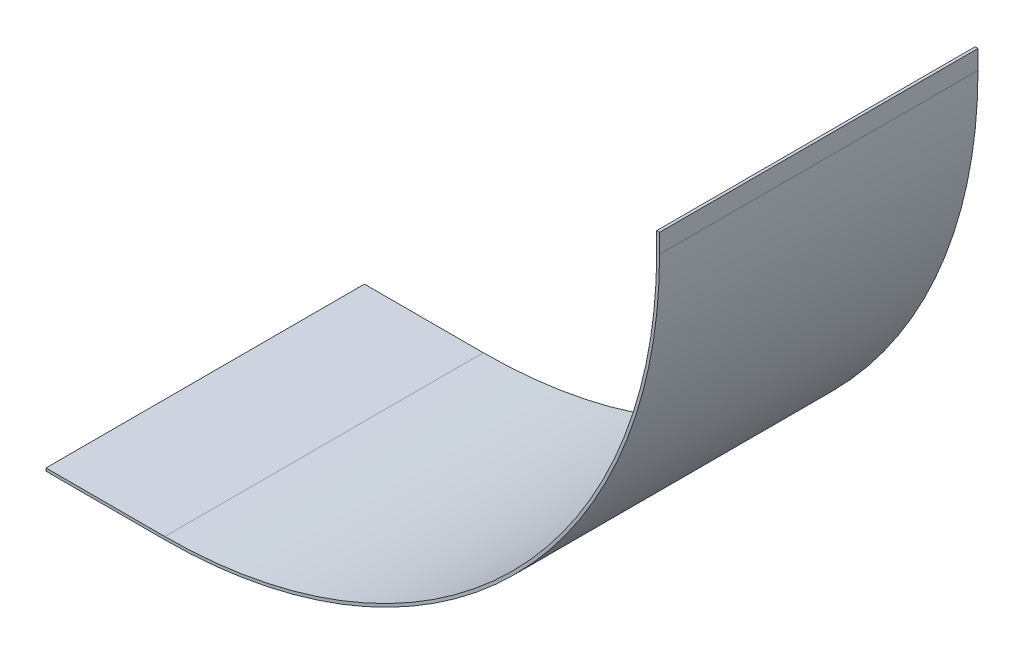
SolidWorks part; units mm, degrees
ref_plane "Front Plane" through (0, 0, 0) normal (0, 0, 1) x (1, 0, 0)
ref_plane "Top Plane" through (0, 0, 0) normal (0, 1, 0) x (1, 0, 0)
ref_plane "Right Plane" through (0, 0, 0) normal (1, 0, 0) x (0, 0, -1)
sketch "Sketch1" plane through (0, 0, 0) normal (0, 0, 1) x (1, 0, 0)
  line L0 (1200, -5485) -> (950, -5485)
  line L1 (1200, -5485) -> (700, -5485) construction
  line L2 (2235, -4410) -> (2235, -4450)
  line L3 (2205, -4410) -> (2295, -4410) construction
  line L4 (2235, -4450) -> (2235, -4410) construction
  arc A0 (1200, -5485) -> (2235, -4450) centre (1200, -4450) ccw construction
  arc A1 (1200, -5485) -> (2235, -4450) centre (1200, -4450) ccw
extrude "Extrude-Thin1" add sketch "Sketch1" against normal up to vertex (670 mm away) thin thin type one direction reverse wall 6
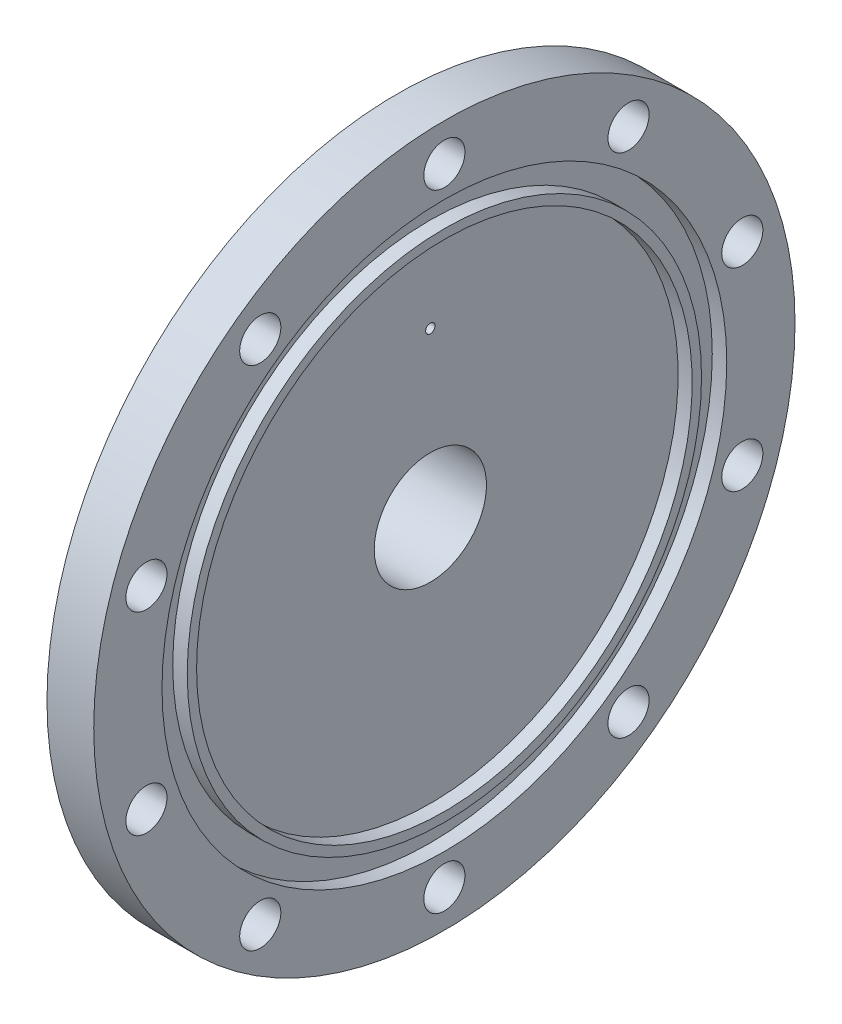
SolidWorks part; units mm, degrees
ref_plane "Front Plane" through (0, 0, 0) normal (0, 0, 1) x (1, 0, 0)
ref_plane "Top Plane" through (0, 0, 0) normal (0, 1, 0) x (1, 0, 0)
ref_plane "Right Plane" through (0, 0, 0) normal (1, 0, 0) x (0, 0, -1)
sketch "Sketch1" plane through (0, 0, 0) normal (0, 0, 1) x (1, 0, 0)
  line L0 (0, 0) -> (86.9024, 0) construction
  line L1 (0, 12) -> (17, 12)
  line L2 (0, 12) -> (0, 24)
  line L3 (0, 24) -> (10, 24)
  line L5 (10, 75) -> (20, 75)
  line L6 (10, 24) -> (10, 75)
  line L8 (20, 75) -> (20, 60.4)
  line L9 (20, 53) -> (17, 53)
  line L10 (17, 53) -> (17, 12)
  line L11 (20, 55) -> (16.9, 55)
  line L12 (16.9, 55) -> (16.9, 60.4)
  line L13 (16.9, 60.4) -> (20, 60.4)
  line L14 (20, 55) -> (20, 53)
  point P5 (20, 53.2)
  dimension "D2" = 2
  dimension "D3" = 12
  dimension "D4" = 12
  dimension "D5" = 3
  dimension "D6" = 75
  dimension "D7" = 10
  dimension "D8" = 3.1
  dimension "D9" = 5.4
  dimension "D10" = 20
  dimension "D11" = 17
  dimension "D12" = 53
  dimension "D13" = 0.2
revolve "Revolve1" add sketch "Sketch1" angle 360 about L0
sketch "Sketch2" plane through (0, 0, 0) normal (-1, 0, 0) x (0, 0, 1)
  circle A0 centre (0, 0) radius 18 construction
  circle A1 centre (0, 18) radius 2.1
extrude "Cut-Extrude1" cut sketch "Sketch2" against normal blind 6
pattern_circular "CirPattern1" count 6 over 360 about axis through (0, 0, 0) along (1, 0, 0) of "Cut-Extrude1"
sketch "Sketch3" plane through (10, 0, 0) normal (-1, 0, 0) x (0, 0, 1)
  circle A0 centre (0, 0) radius 67 construction
  circle A1 centre (0, 67) radius 4.4
extrude "Cut-Extrude2" cut sketch "Sketch3" against normal up to next
pattern_circular "CirPattern2" count 10 over 360 about axis through (0, 0, 0) along (1, 0, 0) of "Cut-Extrude2"
sketch "Sketch4" plane through (10, 0, 0) normal (-1, 0, 0) x (0, 0, 1)
  line L0 (-21.8435, 9.9429) -> (-8.6464, 38.9357)
  line L1 (0, 0) -> (0, 15.5415) construction
  line L2 (21.8435, 9.9429) -> (8.6464, 38.9357)
  circle A0 centre (0, 35) radius 5.5
  arc A1 (8.6464, 38.9357) -> (-8.6464, 38.9357) centre (0, 35) ccw
  arc A3 (21.8435, 9.9429) -> (-21.8435, 9.9429) centre (0, 0) ccw
  dimension "D1" = 35
extrude "Boss-Extrude1" add sketch "Sketch4" along normal blind 10
sketch "Sketch5" plane through (10, 0, 0) normal (-1, 0, 0) x (0, 0, 1)
  circle A0 centre (0, 35) radius 5.5
extrude "Cut-Extrude3" cut sketch "Sketch5" against normal blind 3
sketch "Sketch6" plane through (13, 0, 0) normal (-1, 0, 0) x (0, 0, 1)
  circle A0 centre (0, 35) radius 1
extrude "Cut-Extrude4" cut sketch "Sketch6" against normal up to next
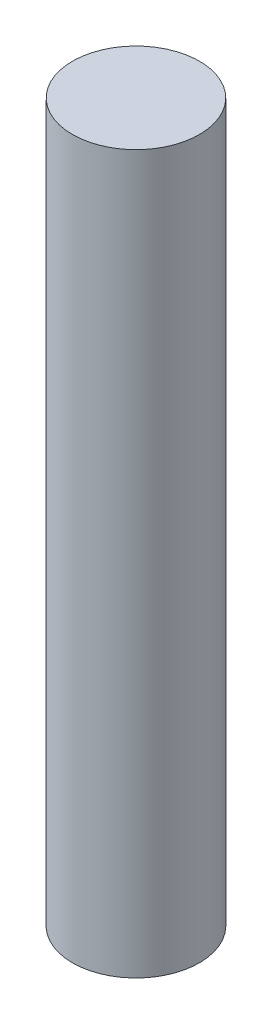
SolidWorks part; units mm, degrees
ref_plane "Alzado" through (0, 0, 0) normal (0, 0, 1) x (1, 0, 0)
ref_plane "Planta" through (0, 0, 0) normal (0, 1, 0) x (1, 0, 0)
ref_plane "Vista lateral" through (0, 0, 0) normal (1, 0, 0) x (0, 0, -1)
sketch "Croquis1" plane through (0, 0, 0) normal (0, 1, 0) x (1, 0, 0)
  circle A0 centre (0, 0) radius 2.475
  dimension "D1" = 4.95
extrude "Saliente-Extruir1" add sketch "Croquis1" along normal blind 27.96
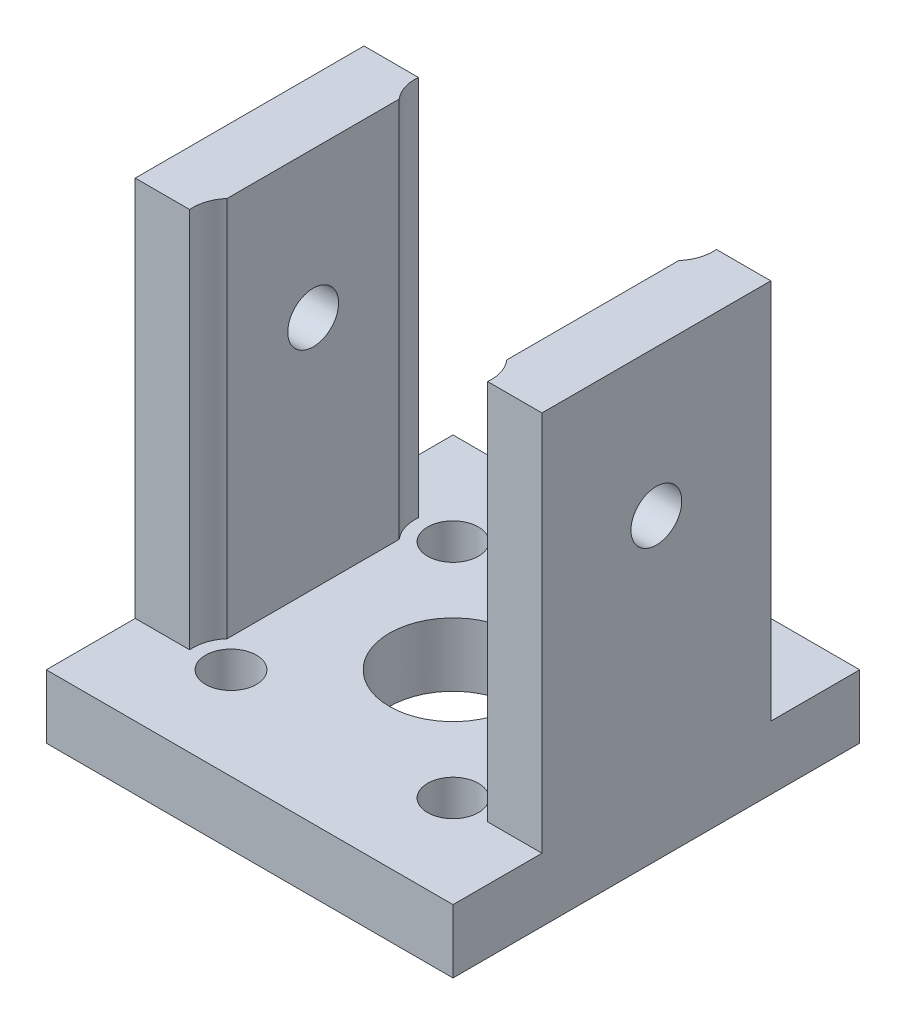
SolidWorks part; units mm, degrees
ref_plane "Front Plane" through (0, 0, 0) normal (0, 0, 1) x (1, 0, 0)
ref_plane "Top Plane" through (0, 0, 0) normal (0, 1, 0) x (1, 0, 0)
ref_plane "Right Plane" through (0, 0, 0) normal (1, 0, 0) x (0, 0, -1)
sketch "Sketch1" plane through (0, 0, 0) normal (0, 1, 0) x (1, 0, 0)
  line L1 (-16, 0) -> (16, 0)
  line L2 (-16, 0) -> (-16, -32)
  line L3 (-16, -32) -> (16, -32)
  line L4 (16, 0) -> (16, -32)
  dimension "D1" = 32
extrude "Boss-Extrude1" add sketch "Sketch1" along normal blind 5
sketch "Sketch2" plane through (0, 5, 0) normal (0, 1, 0) x (1, 0, 0)
  line L0 (-16, 0) -> (-16, -32) construction
  line L1 (-16, -7) -> (-11.7208, -7)
  line L2 (-16, -7) -> (-16, -25)
  line L3 (-16, -25) -> (-11.7212, -25)
  line L4 (-11, -9.2318) -> (-11, -22.7726)
  line L5 (0, 0) -> (0, -32) construction
  line L6 (16, 0) -> (-16, 0) construction
  line L7 (-16, -32) -> (16, -32) construction
  line L8 (16, -25) -> (11.7257, -25)
  line L9 (11, -9.237) -> (11, -22.7675)
  line L10 (16, -7) -> (11.7253, -7)
  line L11 (16, -7) -> (16, -25)
  circle A0 centre (-8.7328, -24.7328) radius 1.5 construction
  circle A1 centre (8.7328, -24.7328) radius 1.5 construction
  circle A2 centre (8.7328, -7.2672) radius 1.5 construction
  circle A3 centre (-8.7328, -7.2672) radius 1.5 construction
  circle A4 centre (-8.7328, -24.7328) radius 1.5 construction
  circle A5 centre (8.7328, -24.7328) radius 1.5 construction
  circle A6 centre (8.7328, -7.2672) radius 1.5 construction
  circle A7 centre (-8.7328, -7.2672) radius 1.5 construction
  arc A8 (-11.7208, -7) -> (-11, -9.2318) centre (-8.7328, -7.2672) ccw
  arc A9 (11, -9.237) -> (11.7253, -7) centre (8.7372, -7.2672) ccw
  arc A10 (11.7257, -25) -> (11, -22.7675) centre (8.7372, -24.7372) ccw
  arc A11 (-11, -22.7726) -> (-11.7212, -25) centre (-8.7328, -24.7372) ccw
  point P12 (-16, -16)
  point P13 (0, -16)
  dimension "D2" = 6
  dimension "D3" = 2
  dimension "D1" = 18
  dimension "D4" = 2
extrude "Boss-Extrude2" add sketch "Sketch2" along normal blind 30
sketch "Sketch3" plane through (0, 0, 0) normal (0, -1, 0) x (1, 0, 0)
  line L4 (-16, 32) -> (-16, 0)
  line L5 (-16, 0) -> (16, 0)
  line L6 (16, 0) -> (16, 32)
  line L7 (16, 32) -> (-16, 32)
  line L8 (-16, 32) -> (-16, 0) construction
  line L9 (-16, 0) -> (16, 0) construction
  line L10 (16, 0) -> (16, 32) construction
  line L11 (16, 32) -> (-16, 32) construction
  circle A0 centre (0, 16) radius 5
  circle A9 centre (-8.7328, 7.2672) radius 2
  circle A10 centre (-8.7328, 24.7328) radius 2
  circle A11 centre (8.7328, 24.7328) radius 2
  circle A12 centre (8.7328, 7.2672) radius 2
  point P2 (0, 0)
  point P5 (0, 0)
  point P7 (0, 14.31)
  point P9 (8.8317, 14.7454)
  point P10 (-16, 16)
  point P11 (0, 0)
  point P12 (0, 32)
  dimension "D1" = 0
  dimension "D2" = 10
extrude "Cut-Extrude1" cut sketch "Sketch3" against normal blind 10
sketch "Sketch4" plane through (-16, 0, 0) normal (-1, 0, 0) x (0, 0, 1)
  line L0 (7, 23.5) -> (25, 23.5) construction
  line L2 (7, 35) -> (25, 35) construction
  line L3 (25, 35) -> (25, 5) construction
  line L4 (7, 35) -> (7, 5) construction
  circle A0 centre (16, 23.5) radius 2
  dimension "D1" = 11.5
extrude "Cut-Extrude2" cut sketch "Sketch4" against normal through all

Exercise prompt - Determine how many lines of this listing contain "about", and give only the number.

Written response - 3